Let the primed frame move with respect to the unprimed frame with speed $v$. Using Lorentz transformations to express these worldlines with respect to the primed coordinates gives (after rearrangement) $x' = V't'$ and $x' = V't' + L'$, where
$$V' = \frac{V - v}{1 - \frac{Vv}{c^2}}$$
(relative speed!), and
$$L' = \frac{L}{\gamma \left( 1 - \frac{Vv}{c^2} \right)} .$$
Here, $\gamma = \left(1 - v^2 / c^2 \right)^{-1/2}$.

In the special case $V = v$, then the ruler is at rest in the primed frame, and $V' = 0$ and $L' = \gamma L$ in the above equations. Lorentz contraction!

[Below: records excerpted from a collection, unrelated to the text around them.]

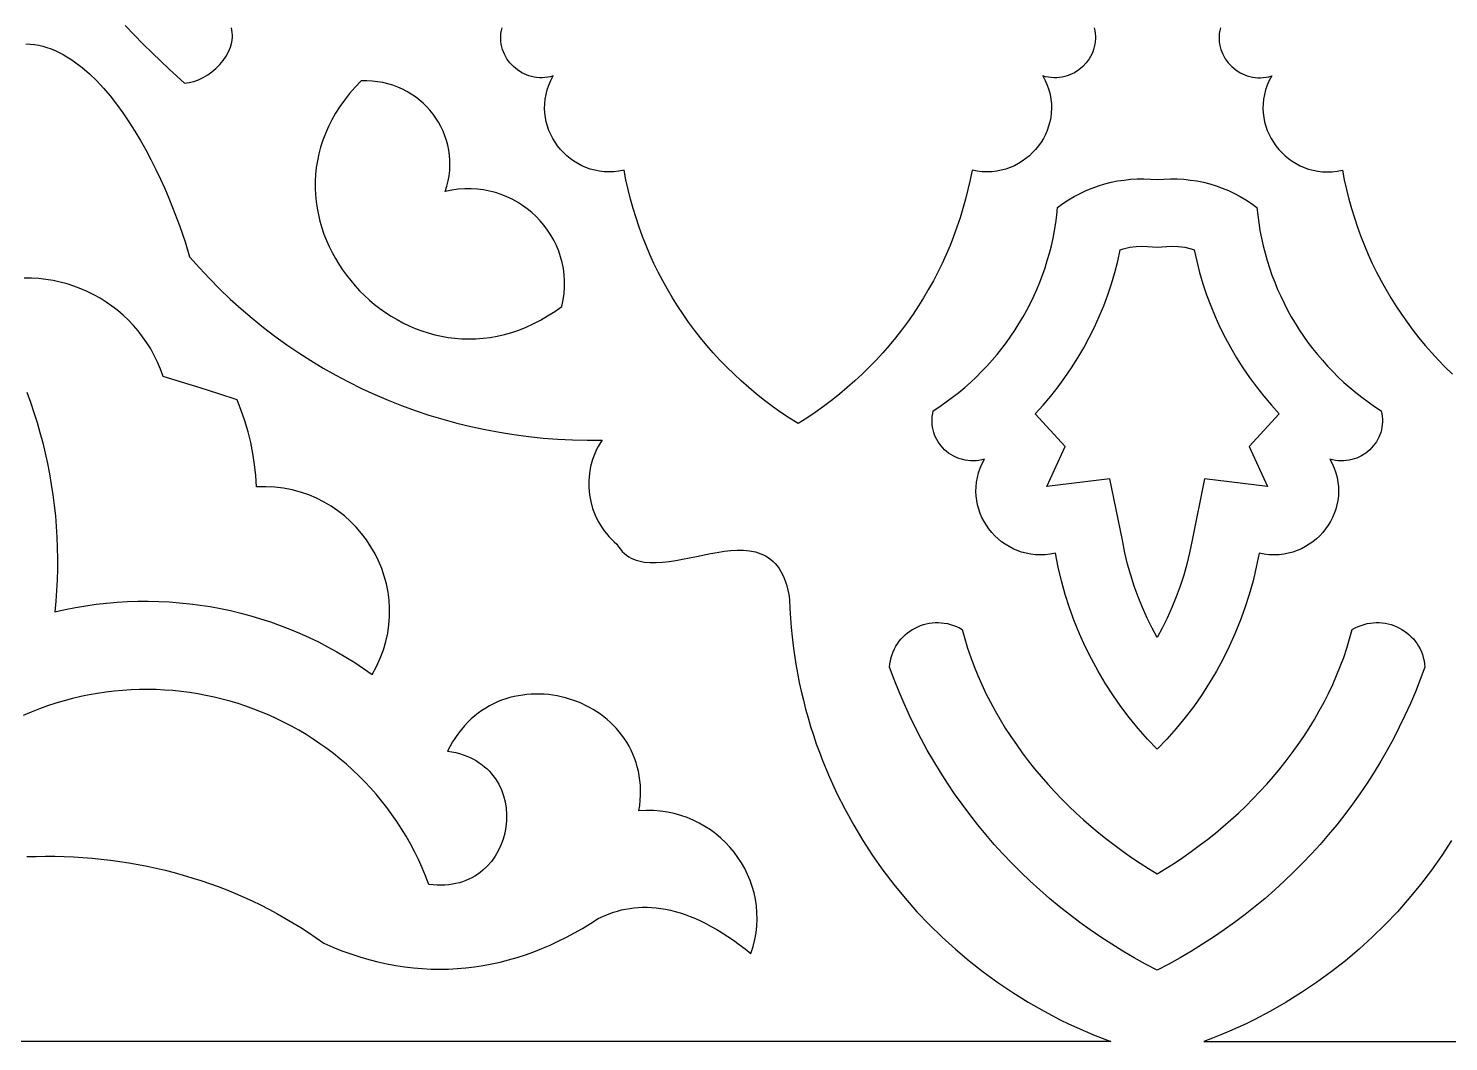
# Model space of a CAD drawing. Extents: x 50 to 3710, y -977 to -877.
# Drawn here: x 1355.1 to 1418.4, y -977.1 to -931.9 of the extents above; entities that cross this region are included whole.
import ezdxf

# ---------------------------------------------------------------- set-up
doc = ezdxf.new("R2010")
doc.units = 0
doc.layers.add('LAYER_1', color=18, linetype='CONTINUOUS')

msp = doc.modelspace()

# ---------------------------------------------------------------- linework, layer by layer
at = {"layer": 'LAYER_1'}
for points in [[(1359.402, -931.77), (1359.802, -932.195), (1360.202, -932.606), (1360.598, -933), (1361.358, -933.724), (1362.045, -934.341), (1362.252, -934.319), (1362.462, -934.27), (1362.67, -934.196), (1362.876, -934.099), (1363.075, -933.981), (1363.266, -933.844), (1363.446, -933.69), (1363.612, -933.521), (1363.762, -933.34), (1363.893, -933.147), (1364.002, -932.946), (1364.088, -932.738), (1364.146, -932.525), (1364.165, -932.417), (1364.175, -932.309), (1364.178, -932.2), (1364.173, -932.092), (1364.159, -931.984), (1364.136, -931.876)], [(1402.603, -931.876), (1402.631, -932.002), (1402.649, -932.127), (1402.659, -932.251), (1402.66, -932.373), (1402.652, -932.493), (1402.637, -932.611), (1402.613, -932.726), (1402.582, -932.839), (1402.544, -932.949), (1402.499, -933.055), (1402.388, -933.257), (1402.254, -933.443), (1402.097, -933.61), (1401.92, -933.757), (1401.725, -933.881), (1401.515, -933.98), (1401.405, -934.019), (1401.292, -934.052), (1401.176, -934.077), (1401.058, -934.094), (1400.938, -934.104), (1400.816, -934.106), (1400.692, -934.099), (1400.567, -934.084), (1400.441, -934.06), (1400.315, -934.026), (1400.423, -934.23), (1400.512, -934.436), (1400.584, -934.643), (1400.639, -934.851), (1400.676, -935.058), (1400.698, -935.265), (1400.703, -935.47), (1400.693, -935.673), (1400.669, -935.873), (1400.63, -936.07), (1400.577, -936.263), (1400.511, -936.451), (1400.432, -936.634), (1400.341, -936.811), (1400.238, -936.981), (1400.123, -937.144), (1399.998, -937.299), (1399.863, -937.445), (1399.717, -937.582), (1399.563, -937.71), (1399.399, -937.826), (1399.227, -937.932), (1399.047, -938.026), (1398.86, -938.107), (1398.666, -938.175), (1398.466, -938.229), (1398.26, -938.269), (1398.049, -938.294), (1397.833, -938.303), (1397.612, -938.296), (1397.388, -938.271), (1397.16, -938.229), (1397.075, -938.662), (1396.979, -939.091), (1396.873, -939.517), (1396.755, -939.939), (1396.627, -940.357), (1396.488, -940.771), (1396.339, -941.18), (1396.179, -941.585), (1396.008, -941.986), (1395.827, -942.382), (1395.636, -942.772), (1395.435, -943.158), (1395.224, -943.538), (1395.003, -943.913), (1394.772, -944.282), (1394.531, -944.646), (1394.28, -945.003), (1394.019, -945.354), (1393.749, -945.699), (1393.47, -946.037), (1393.181, -946.369), (1392.882, -946.694), (1392.575, -947.012), (1392.258, -947.322), (1391.932, -947.625), (1391.597, -947.921), (1391.253, -948.209), (1390.9, -948.489), (1390.539, -948.761), (1390.168, -949.025), (1389.789, -949.28), (1389.402, -949.527), (1389.014, -949.28), (1388.635, -949.025), (1388.265, -948.761), (1387.904, -948.489), (1387.551, -948.209), (1387.207, -947.921), (1386.872, -947.625), (1386.546, -947.322), (1386.229, -947.012), (1385.921, -946.694), (1385.623, -946.369), (1385.334, -946.037), (1385.054, -945.699), (1384.784, -945.354), (1384.524, -945.003), (1384.273, -944.646), (1384.032, -944.282), (1383.801, -943.913), (1383.58, -943.538), (1383.368, -943.158), (1383.167, -942.772), (1382.976, -942.382), (1382.796, -941.986), (1382.625, -941.585), (1382.465, -941.18), (1382.316, -940.771), (1382.177, -940.357), (1382.049, -939.939), (1381.931, -939.517), (1381.824, -939.091), (1381.729, -938.662), (1381.644, -938.229), (1381.416, -938.271), (1381.192, -938.296), (1380.971, -938.303), (1380.755, -938.294), (1380.544, -938.269), (1380.337, -938.229), (1380.137, -938.175), (1379.943, -938.107), (1379.756, -938.026), (1379.577, -937.932), (1379.405, -937.826), (1379.241, -937.71), (1379.086, -937.582), (1378.941, -937.445), (1378.806, -937.299), (1378.68, -937.144), (1378.566, -936.981), (1378.463, -936.811), (1378.372, -936.634), (1378.293, -936.451), (1378.227, -936.263), (1378.174, -936.07), (1378.135, -935.873), (1378.11, -935.673), (1378.1, -935.47), (1378.106, -935.265), (1378.127, -935.058), (1378.165, -934.851), (1378.22, -934.643), (1378.291, -934.436), (1378.381, -934.23), (1378.489, -934.026), (1378.362, -934.06), (1378.237, -934.084), (1378.112, -934.099), (1377.988, -934.106), (1377.866, -934.104), (1377.746, -934.094), (1377.628, -934.077), (1377.512, -934.052), (1377.399, -934.019), (1377.289, -933.98), (1377.079, -933.881), (1376.884, -933.757), (1376.707, -933.61), (1376.55, -933.443), (1376.415, -933.257), (1376.305, -933.055), (1376.26, -932.949), (1376.221, -932.839), (1376.19, -932.726), (1376.167, -932.611), (1376.151, -932.493), (1376.144, -932.373), (1376.145, -932.251), (1376.154, -932.127), (1376.173, -932.002), (1376.201, -931.876)], [(1408.235, -931.876), (1408.207, -932.002), (1408.188, -932.127), (1408.179, -932.251), (1408.178, -932.373), (1408.185, -932.493), (1408.201, -932.611), (1408.224, -932.726), (1408.255, -932.839), (1408.294, -932.949), (1408.339, -933.055), (1408.449, -933.257), (1408.584, -933.443), (1408.741, -933.61), (1408.918, -933.757), (1409.113, -933.881), (1409.323, -933.98), (1409.433, -934.019), (1409.546, -934.052), (1409.662, -934.077), (1409.78, -934.094), (1409.9, -934.104), (1410.022, -934.106), (1410.146, -934.099), (1410.271, -934.084), (1410.396, -934.06), (1410.523, -934.026), (1410.415, -934.23), (1410.325, -934.436), (1410.253, -934.643), (1410.199, -934.851), (1410.161, -935.058), (1410.14, -935.265), (1410.134, -935.47), (1410.144, -935.673), (1410.169, -935.873), (1410.208, -936.07), (1410.26, -936.263), (1410.327, -936.451), (1410.405, -936.634), (1410.497, -936.811), (1410.6, -936.981), (1410.714, -937.144), (1410.839, -937.299), (1410.975, -937.445), (1411.12, -937.582), (1411.275, -937.71), (1411.439, -937.826), (1411.611, -937.932), (1411.79, -938.026), (1411.977, -938.107), (1412.171, -938.175), (1412.371, -938.229), (1412.577, -938.269), (1412.789, -938.294), (1413.005, -938.303), (1413.226, -938.296), (1413.45, -938.271), (1413.678, -938.229), (1413.762, -938.662), (1413.858, -939.091), (1413.965, -939.517), (1414.082, -939.939), (1414.211, -940.357), (1414.35, -940.771), (1414.499, -941.18), (1414.659, -941.585), (1414.829, -941.986), (1415.01, -942.382), (1415.201, -942.772), (1415.402, -943.158), (1415.614, -943.538), (1415.835, -943.913), (1416.066, -944.282), (1416.307, -944.646), (1416.558, -945.003), (1416.818, -945.354), (1417.088, -945.699), (1417.368, -946.037), (1417.657, -946.369), (1417.955, -946.694), (1418.263, -947.012), (1418.58, -947.322)], [(1354.973, -932.588), (1355.163, -932.601), (1355.352, -932.624), (1355.539, -932.659), (1355.725, -932.703), (1355.908, -932.757), (1356.09, -932.821), (1356.27, -932.895), (1356.448, -932.977), (1356.624, -933.068), (1356.798, -933.168), (1356.97, -933.276), (1357.14, -933.392), (1357.474, -933.645), (1357.8, -933.927), (1358.117, -934.234), (1358.425, -934.564), (1358.724, -934.916), (1359.014, -935.285), (1359.294, -935.671), (1359.564, -936.07), (1359.824, -936.481), (1360.074, -936.9), (1360.313, -937.326), (1360.541, -937.757), (1360.759, -938.189), (1360.965, -938.62), (1361.159, -939.049), (1361.342, -939.472), (1361.512, -939.888), (1361.817, -940.687), (1362.07, -941.427), (1362.27, -942.088), (1362.704, -942.58), (1363.151, -943.058), (1363.609, -943.522), (1364.08, -943.972), (1364.562, -944.408), (1365.055, -944.83), (1365.559, -945.237), (1366.074, -945.629), (1366.598, -946.007), (1367.133, -946.37), (1367.677, -946.718), (1368.23, -947.05), (1368.791, -947.367), (1369.362, -947.669), (1369.94, -947.955), (1370.526, -948.225), (1371.119, -948.479), (1371.719, -948.716), (1372.326, -948.938), (1372.94, -949.143), (1373.559, -949.331), (1374.184, -949.502), (1374.814, -949.657), (1375.45, -949.794), (1376.089, -949.914), (1376.733, -950.017), (1377.381, -950.102), (1378.033, -950.169), (1378.688, -950.219), (1379.345, -950.25), (1380.005, -950.263), (1380.668, -950.258), (1380.578, -950.397), (1380.495, -950.54), (1380.419, -950.685), (1380.351, -950.832), (1380.237, -951.133), (1380.152, -951.44), (1380.096, -951.752), (1380.068, -952.067), (1380.069, -952.382), (1380.098, -952.695), (1380.155, -953.005), (1380.239, -953.309), (1380.352, -953.606), (1380.492, -953.893), (1380.66, -954.169), (1380.754, -954.302), (1380.854, -954.431), (1380.962, -954.557), (1381.076, -954.678), (1381.197, -954.795), (1381.324, -954.907), (1381.399, -955.025), (1381.48, -955.132), (1381.566, -955.228), (1381.657, -955.315), (1381.753, -955.392), (1381.854, -955.46), (1381.959, -955.519), (1382.069, -955.57), (1382.183, -955.613), (1382.3, -955.649), (1382.547, -955.698), (1382.807, -955.723), (1383.079, -955.725), (1383.362, -955.708), (1383.653, -955.675), (1383.951, -955.629), (1384.254, -955.574), (1384.871, -955.448), (1385.491, -955.322), (1385.798, -955.267), (1386.101, -955.221), (1386.399, -955.188), (1386.689, -955.172), (1386.97, -955.174), (1387.241, -955.198), (1387.5, -955.248), (1387.624, -955.284), (1387.745, -955.327), (1387.862, -955.378), (1387.975, -955.437), (1388.084, -955.505), (1388.188, -955.583), (1388.288, -955.669), (1388.383, -955.766), (1388.473, -955.873), (1388.557, -955.991), (1388.637, -956.12), (1388.711, -956.26), (1388.779, -956.413), (1388.841, -956.578), (1388.896, -956.755), (1388.946, -956.946), (1388.989, -957.15), (1389.025, -957.368), (1389.041, -957.787), (1389.066, -958.204), (1389.099, -958.619), (1389.14, -959.031), (1389.188, -959.442), (1389.244, -959.851), (1389.308, -960.257), (1389.379, -960.661), (1389.458, -961.063), (1389.545, -961.462), (1389.638, -961.858), (1389.739, -962.252), (1389.848, -962.643), (1389.963, -963.031), (1390.086, -963.416), (1390.215, -963.798), (1390.352, -964.177), (1390.495, -964.553), (1390.803, -965.295), (1391.137, -966.024), (1391.497, -966.738), (1391.883, -967.438), (1392.294, -968.122), (1392.729, -968.79), (1393.189, -969.442), (1393.672, -970.076), (1394.177, -970.692), (1394.705, -971.29), (1395.255, -971.868), (1395.826, -972.427), (1396.418, -972.965), (1397.029, -973.482), (1397.661, -973.977), (1398.311, -974.45), (1398.979, -974.9), (1399.666, -975.326), (1400.37, -975.728), (1401.09, -976.106), (1401.456, -976.285), (1401.827, -976.457), (1402.201, -976.623), (1402.579, -976.783), (1402.961, -976.936), (1403.346, -977.082), (1337.633, -977.082)], [(1355.011, -948.131), (1355.173, -948.576), (1355.324, -949.024), (1355.465, -949.476), (1355.597, -949.93), (1355.718, -950.387), (1355.829, -950.846), (1355.93, -951.308), (1356.021, -951.771), (1356.102, -952.237), (1356.172, -952.705), (1356.232, -953.174), (1356.282, -953.645), (1356.321, -954.117), (1356.35, -954.591), (1356.369, -955.065), (1356.376, -955.54), (1356.374, -956.016), (1356.36, -956.492), (1356.337, -956.969), (1356.302, -957.446), (1356.257, -957.923), (1356.717, -957.819), (1357.179, -957.728), (1357.642, -957.649), (1358.106, -957.584), (1358.57, -957.531), (1359.035, -957.491), (1359.5, -957.463), (1359.965, -957.448), (1360.429, -957.445), (1360.893, -957.455), (1361.355, -957.477), (1361.817, -957.511), (1362.277, -957.558), (1362.736, -957.617), (1363.192, -957.688), (1363.646, -957.771), (1364.098, -957.867), (1364.547, -957.974), (1364.994, -958.093), (1365.436, -958.225), (1365.876, -958.368), (1366.312, -958.523), (1366.744, -958.689), (1367.171, -958.868), (1367.594, -959.058), (1368.012, -959.26), (1368.426, -959.473), (1368.834, -959.698), (1369.236, -959.934), (1369.633, -960.182), (1370.024, -960.441), (1370.409, -960.711), (1370.605, -960.351), (1370.773, -959.986), (1370.911, -959.617), (1371.02, -959.247), (1371.102, -958.875), (1371.156, -958.502), (1371.185, -958.131), (1371.187, -957.762), (1371.164, -957.396), (1371.117, -957.035), (1371.046, -956.678), (1370.952, -956.328), (1370.835, -955.986), (1370.697, -955.652), (1370.537, -955.327), (1370.357, -955.014), (1370.157, -954.712), (1369.939, -954.423), (1369.701, -954.148), (1369.447, -953.889), (1369.175, -953.645), (1368.886, -953.419), (1368.582, -953.211), (1368.263, -953.023), (1367.929, -952.855), (1367.582, -952.708), (1367.221, -952.585), (1366.849, -952.485), (1366.464, -952.41), (1366.069, -952.361), (1365.663, -952.339), (1365.247, -952.345), (1365.218, -951.847), (1365.167, -951.352), (1365.093, -950.86), (1364.996, -950.371), (1364.878, -949.888), (1364.738, -949.41), (1364.576, -948.938), (1364.392, -948.473), (1363.569, -948.2), (1362.743, -947.934), (1361.915, -947.675), (1361.085, -947.424), (1360.97, -947.102), (1360.84, -946.79), (1360.694, -946.489), (1360.535, -946.198), (1360.361, -945.918), (1360.174, -945.65), (1359.975, -945.392), (1359.763, -945.147), (1359.54, -944.914), (1359.306, -944.692), (1359.062, -944.484), (1358.808, -944.288), (1358.545, -944.105), (1358.274, -943.936), (1357.994, -943.781), (1357.707, -943.639), (1357.414, -943.511), (1357.114, -943.398), (1356.808, -943.3), (1356.498, -943.217), (1356.183, -943.149), (1355.864, -943.096), (1355.542, -943.06), (1355.217, -943.039), (1354.89, -943.035)], [(1355.013, -968.835), (1355.429, -968.822), (1355.845, -968.817), (1356.26, -968.819), (1356.676, -968.829), (1357.09, -968.846), (1357.505, -968.871), (1357.918, -968.904), (1358.331, -968.945), (1358.743, -968.993), (1359.153, -969.049), (1359.562, -969.113), (1359.97, -969.184), (1360.376, -969.263), (1360.78, -969.35), (1361.182, -969.444), (1361.582, -969.546), (1361.98, -969.656), (1362.375, -969.773), (1362.768, -969.898), (1363.158, -970.031), (1363.545, -970.171), (1363.929, -970.319), (1364.31, -970.475), (1364.688, -970.639), (1365.062, -970.81), (1365.433, -970.988), (1365.8, -971.175), (1366.163, -971.369), (1366.522, -971.571), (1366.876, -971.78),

In the special case $V = c$, then there isn't a ruler, but $L$ and $L'$ as spatial distances between photons, and $V' = c$ and
$$L' = L \sqrt{\frac{1 + \frac{v}{c}}{1 - \frac{v}{c}}} .$$
This shows that Lorentz contraction and the situation given in the original post are quite different special cases of a more general situation.

15. Jul 10, 2011

Pi-Bond

How did you get the formula for L'?

$L'=\large \frac{L}{\gamma (1-\frac{Vv}{c^{2}})}$

16. Jul 11, 2011

Pi-Bond

After solving a similar question, I think I understand this situation. The formula for L' simply comes from the Lorentz transforms. In summary, this procedure is necessary because the length to be measured is itself in motion in the original frame. Thus to transform the length to another frame, the motion of the length must be accounted for - hence the Lorentz transforms are to be used.

Thanks a lot for guiding me through!